Records contained in a dataset:
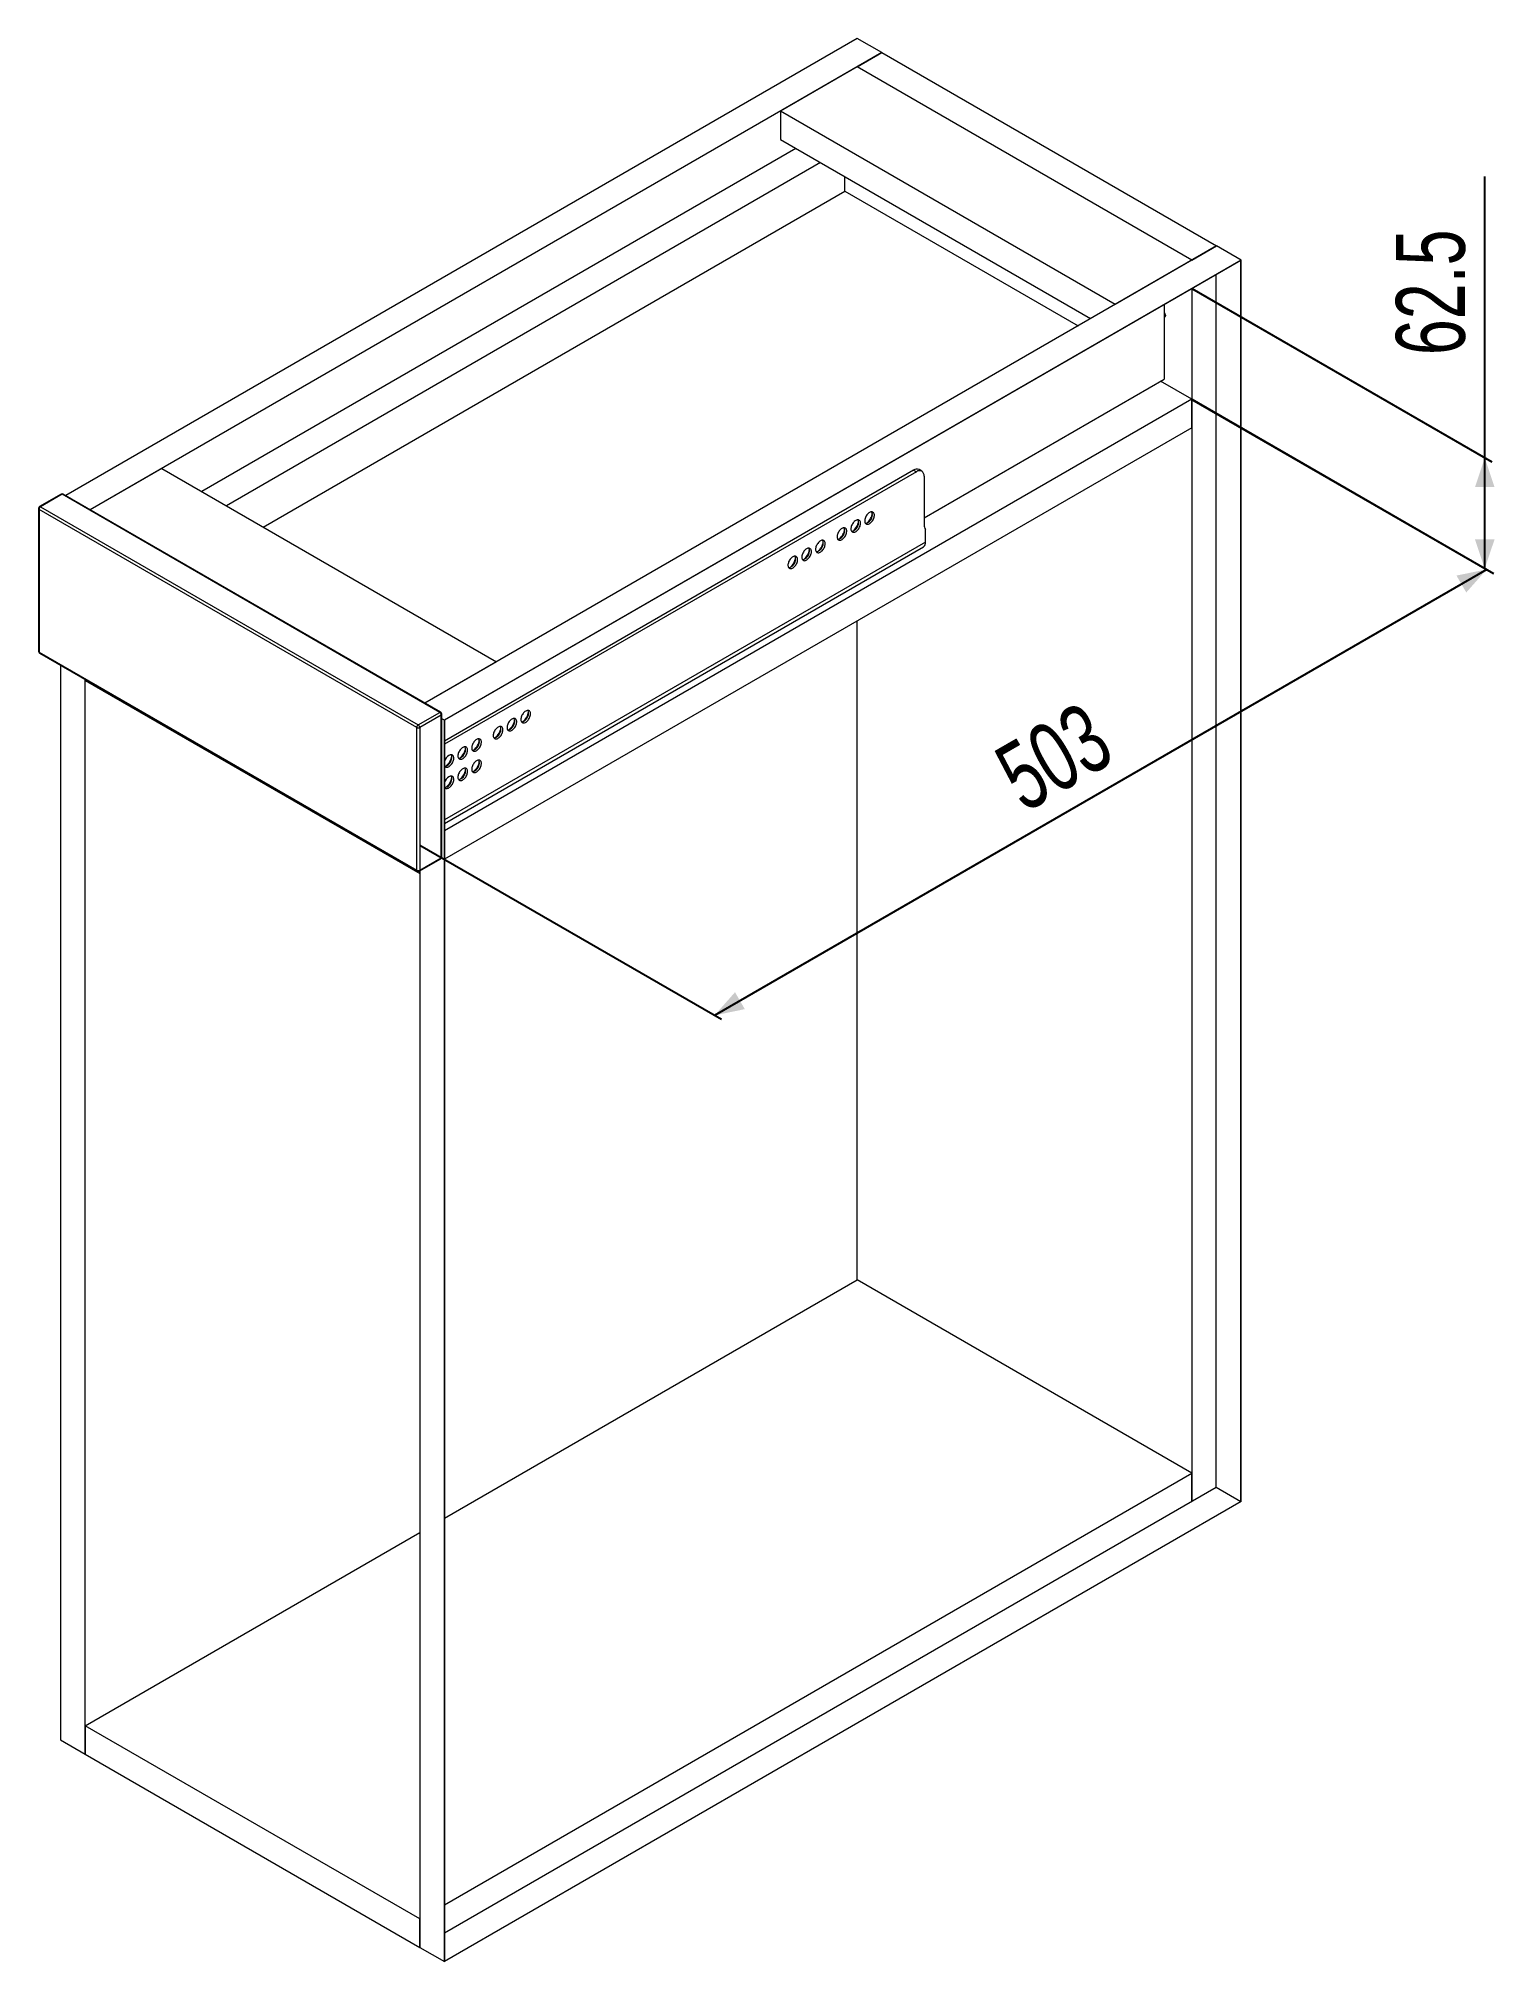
# Model space of a CAD drawing. Header units: millimetres. Extents: x 328 to 551, y 150 to 445.
import ezdxf

# ---------------------------------------------------------------- set-up
doc = ezdxf.new("R2010")
doc.units = ezdxf.units.MM
doc.layers.add('BEMAßUNG', color=7, linetype='Continuous')
doc.styles.add('SLDTEXTSTYLE0', font='TXT', dxfattribs={"width": 0.7})
doc.dimstyles.new('SLDDIMSTYLE0', dxfattribs={"dimtxt": 11.017415, "dimasz": 5.5, "dimexe": 0, "dimexo": 0.0625, "dimgap": 2.754354, "dimtad": 1, "dimdec": 3, "dimlfac": 3, "dimrnd": 1e-09, "dimzin": 12, "dimdsep": 46, "dimtxsty": 'SLDTEXTSTYLE0', "dimsah": 1, "dimcen": 0.09, "dimadec": 0, "dimazin": 3, "dimtfac": 1, "dimtofl": 0, "dimtmove": 0, "dimatfit": 3, "dimfxl": 1, "dimfrac": 2, "dimtolj": 1, "dimtzin": 12, "dimarcsym": 0})

# ---------------------------------------------------------------- blocks, each defined once
blk = doc.blocks.new('_D')
at = {"layer": 'BEMAßUNG', "transparency": 16777216}
for p, q in [((549.94, 380.77), (549.94, 423.97)), ((504.95, 406.75), (551, 380.16)), ((504.95, 389.74), (551, 363.15)), ((549.94, 363.76), (549.94, 380.77))]:
    blk.add_line(p, q, dxfattribs=at)
for points in [[(549.94, 380.77), (548.44, 376.28), (551.44, 376.28)], [(549.94, 363.76), (551.44, 368.25), (548.44, 368.25)]]:
    blk.add_solid(points, dxfattribs=at)
at = {"layer": 'BEMAßUNG', "transparency": 16777216, "insert": (536.3, 396.53), "char_height": 10.583, "attachment_point": 1, "rotation": 90, "style": 'SLDTEXTSTYLE0'}
blk.add_mtext('62.5', dxfattribs=at)
blk = doc.blocks.new('_D_1')
at = {"layer": 'BEMAßUNG', "transparency": 16777216}
for p, q in [((504.97, 389.78), (551.3, 363.03)), ((550.24, 363.65), (431.68, 295.2)), ((386.41, 321.34), (432.74, 294.59))]:
    blk.add_line(p, q, dxfattribs=at)
for points in [[(550.24, 363.65), (545.6, 362.7), (547.1, 360.1)], [(431.68, 295.2), (436.32, 296.15), (434.82, 298.75)]]:
    blk.add_solid(points, dxfattribs=at)
at = {"layer": 'BEMAßUNG', "transparency": 16777216, "insert": (473.96, 335.36), "char_height": 10.583, "attachment_point": 1, "rotation": 29.9973, "style": 'SLDTEXTSTYLE0'}
blk.add_mtext('503', dxfattribs=at)

msp = doc.modelspace()

# ---------------------------------------------------------------- linework, layer by layer
at = {"color": 7, "linetype": 'Continuous', "lineweight": 15}
for p, q in [((453.58757, 445.13564), (332.0453, 374.97078)), ((457.35881, 442.95855), (335.81653, 372.79369)), ((457.35881, 442.95855), (453.58757, 445.13564)), ((453.58757, 440.78146), (457.35881, 442.95855)), ((457.35881, 442.95855), (508.7419, 413.29572)), ((453.58757, 440.78146), (441.80246, 433.97806)), ((504.97066, 411.11863), (453.58757, 440.78146)), ((441.80246, 433.97806), (441.80246, 429.62318)), ((493.18555, 404.31523), (441.80246, 433.97806)), ((444.17735, 428.25218), (352.96119, 375.59421)), ((441.80246, 429.62318), (489.4137, 402.13779)), ((447.94859, 426.07509), (356.73243, 373.41712)), ((451.70195, 421.70954), (451.70195, 423.90832)), ((362.3902, 370.15096), (451.70195, 421.70954)), ((451.70195, 421.70954), (487.50929, 401.0384)), ((508.7419, 413.29572), (387.19963, 343.13086)), ((504.97066, 411.11863), (508.7419, 413.29572)), ((512.51314, 411.11863), (508.7419, 413.29572)), ((512.51314, 411.11863), (390.18366, 340.49933)), ((512.48957, 411.07781), (390.20723, 340.48572)), ((504.97066, 411.11863), (493.18555, 404.31523)), ((512.48957, 220.60606), (512.48957, 411.07781)), ((512.51314, 220.59244), (512.51314, 411.11863)), ((508.71833, 222.78314), (508.71833, 408.90072)), ((504.97066, 406.73724), (504.97066, 220.61966)), ((500.72802, 404.28801), (500.72802, 392.86232)), ((500.72802, 403.12507), (500.92869, 402.6111)), ((500.72802, 402.49526), (500.92869, 402.6111)), ((500.92869, 402.6111), (500.72802, 402.32881)), ((463.84062, 371.56767), (500.72802, 392.86232)), ((504.97066, 389.75248), (390.20723, 323.50096)), ((504.97066, 389.75248), (500.15586, 392.53201)), ((504.97066, 385.3976), (504.97066, 389.75248)), ((504.97066, 385.3976), (390.20723, 319.14608)), ((346.81445, 379.14265), (335.81653, 372.79369)), ((346.81445, 379.14265), (398.19754, 349.47982)), ((462.23785, 378.88281), (390.20723, 337.30042)), ((462.66211, 378.63789), (390.20723, 336.81058)), ((462.23785, 378.88281), (462.66211, 378.63789)), ((463.49537, 378.7204), (463.07111, 378.96532)), ((463.84062, 377.95733), (463.84062, 370.47237)), ((331.32715, 375.19294), (328.02732, 373.28799)), ((331.4938, 375.17644), (328.19397, 373.27149)), ((389.47656, 341.70371), (331.4938, 375.17644)), ((389.64321, 341.72021), (331.66045, 375.19294)), ((327.86064, 372.99931), (327.86064, 351.0888)), ((385.94102, 339.39051), (327.95827, 372.86324)), ((327.95827, 372.86324), (327.95827, 350.95273)), ((328.19397, 373.27149), (386.17673, 339.79876)), ((464.07632, 367.8322), (464.07632, 369.7919)), ((390.20723, 324.64726), (463.74489, 367.09965)), ((453.58757, 254.61016), (453.58757, 355.73477)), ((327.95827, 350.95273), (385.94102, 317.48)), ((328.02732, 350.80011), (386.01007, 317.32738)), ((331.2581, 348.93502), (331.2581, 183.99015)), ((398.19754, 349.47982), (387.19963, 343.13086)), ((335.02934, 346.75793), (335.02934, 346.61821)), ((335.02934, 181.81306), (335.02934, 346.75793)), ((335.02934, 346.61821), (386.41243, 316.95538)), ((386.17673, 339.79876), (389.47656, 341.70371)), ((389.71226, 341.29546), (386.41243, 339.39051)), ((389.71226, 319.38495), (389.71226, 341.29546)), ((389.80989, 319.52102), (389.80989, 341.43153)), ((390.18366, 340.49933), (389.80989, 340.71511)), ((390.18366, 149.97314), (390.18366, 340.49933)), ((390.20723, 340.48572), (390.20723, 150.01397)), ((385.94102, 317.48), (385.94102, 339.39051)), ((386.41243, 339.39051), (386.41243, 317.48)), ((386.34338, 317.32738), (389.64321, 319.23233)), ((386.41243, 317.48), (389.71226, 319.38495)), ((386.41243, 316.95538), (386.41243, 317.36724)), ((386.41243, 317.36724), (386.41243, 152.15023)), ((390.20723, 218.02147), (453.58757, 254.61016)), ((504.97066, 224.94733), (453.58757, 254.61016)), ((390.20723, 158.69581), (504.97066, 224.94733)), ((504.97066, 220.61966), (504.97066, 224.94733)), ((390.20723, 154.36814), (508.71833, 222.78314)), ((508.71833, 222.78314), (512.48957, 220.60606)), ((512.51314, 220.59244), (390.18366, 149.97314)), ((390.20723, 150.01397), (512.48957, 220.60606)), ((335.02934, 186.16794), (386.41243, 215.83077)), ((386.41243, 156.50512), (335.02934, 186.16794)), ((335.02934, 186.16794), (335.02934, 181.81306)), ((331.2581, 183.99015), (335.02934, 181.81306)), ((335.02934, 181.81306), (386.41243, 152.15023)), ((386.41243, 152.15023), (386.41243, 156.50512)), ((386.41243, 152.15023), (390.18366, 149.97314))]:
    msp.add_line(p, q, dxfattribs=at)
at = {"color": 8, "linetype": 'Continuous', "lineweight": 15}
msp.add_line((464.07632, 367.8322), (390.20723, 325.18848), dxfattribs=at)
at = {"color": 7, "linetype": 'Continuous', "lineweight": 15, "flags": 128}
for points in [[(455.47319, 372.37842), (455.36509, 372.30687), (455.25929, 372.21858), (455.15805, 372.11542), (455.06352, 371.9996), (454.97773, 371.87357), (454.9025, 371.74003), (454.83943, 371.60182), (454.78987, 371.4619), (454.75487, 371.32323), (454.73518, 371.18878), (454.73122, 371.06141), (454.74308, 370.94383), (454.77049, 370.83856), (454.81289, 370.74784), (454.86935, 370.67359), (454.93869, 370.61741), (455.01942, 370.58049), (455.10982, 370.56361), (455.20796, 370.56714), (455.31176, 370.591), (455.41899, 370.63468), (455.52739, 370.69725), (455.63462, 370.77739), (455.73842, 370.87337), (455.83656, 370.98315), (455.92696, 371.1044), (456.00769, 371.23453), (456.07703, 371.37077), (456.13349, 371.51021), (456.17589, 371.64988), (456.2033, 371.7868), (456.21516, 371.91806), (456.2112, 372.04086), (456.19151, 372.15258), (456.15651, 372.25084), (456.10695, 372.33355), (456.04388, 372.39894), (455.96865, 372.44561), (455.88286, 372.47259), (455.78833, 372.47928), (455.68709, 372.46555), (455.58129, 372.43169), (455.47319, 372.37842)], [(451.23055, 369.92919), (451.12245, 369.85765), (451.01665, 369.76936), (450.91541, 369.6662), (450.82088, 369.55037), (450.73509, 369.42435), (450.65986, 369.29081), (450.59679, 369.1526), (450.54723, 369.01267), (450.51223, 368.874), (450.49254, 368.73955), (450.48858, 368.61218), (450.50044, 368.49461), (450.52785, 368.38934), (450.57025, 368.29861), (450.62671, 368.22437), (450.69605, 368.16819), (450.77678, 368.13126), (450.86718, 368.11439), (450.96532, 368.11791), (451.06912, 368.14177), (451.17635, 368.18546), (451.28475, 368.24803), (451.39198, 368.32816), (451.49578, 368.42414), (451.59392, 368.53393), (451.68432, 368.65518), (451.76505, 368.78531), (451.83439, 368.92154), (451.89085, 369.06098), (451.93325, 369.20065), (451.96066, 369.33758), (451.97252, 369.46884), (451.96856, 369.59164), (451.94887, 369.70336), (451.91387, 369.80162), (451.86431, 369.88432), (451.80124, 369.94971), (451.72601, 369.99639), (451.64022, 370.02336), (451.54569, 370.03005), (451.44445, 370.01632), (451.33865, 369.98246), (451.23055, 369.92919)], [(453.35187, 371.1538), (453.24377, 371.08226), (453.13797, 370.99397), (453.03673, 370.89081), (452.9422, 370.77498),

To do:
Copy each line of the data that contains the word "Continuous".

Output of the exercise:
doc.layers.add('BEMAßUNG', color=7, linetype='Continuous')
at = {"color": 7, "linetype": 'Continuous', "lineweight": 15}
at = {"color": 8, "linetype": 'Continuous', "lineweight": 15}
at = {"color": 7, "linetype": 'Continuous', "lineweight": 15, "flags": 128}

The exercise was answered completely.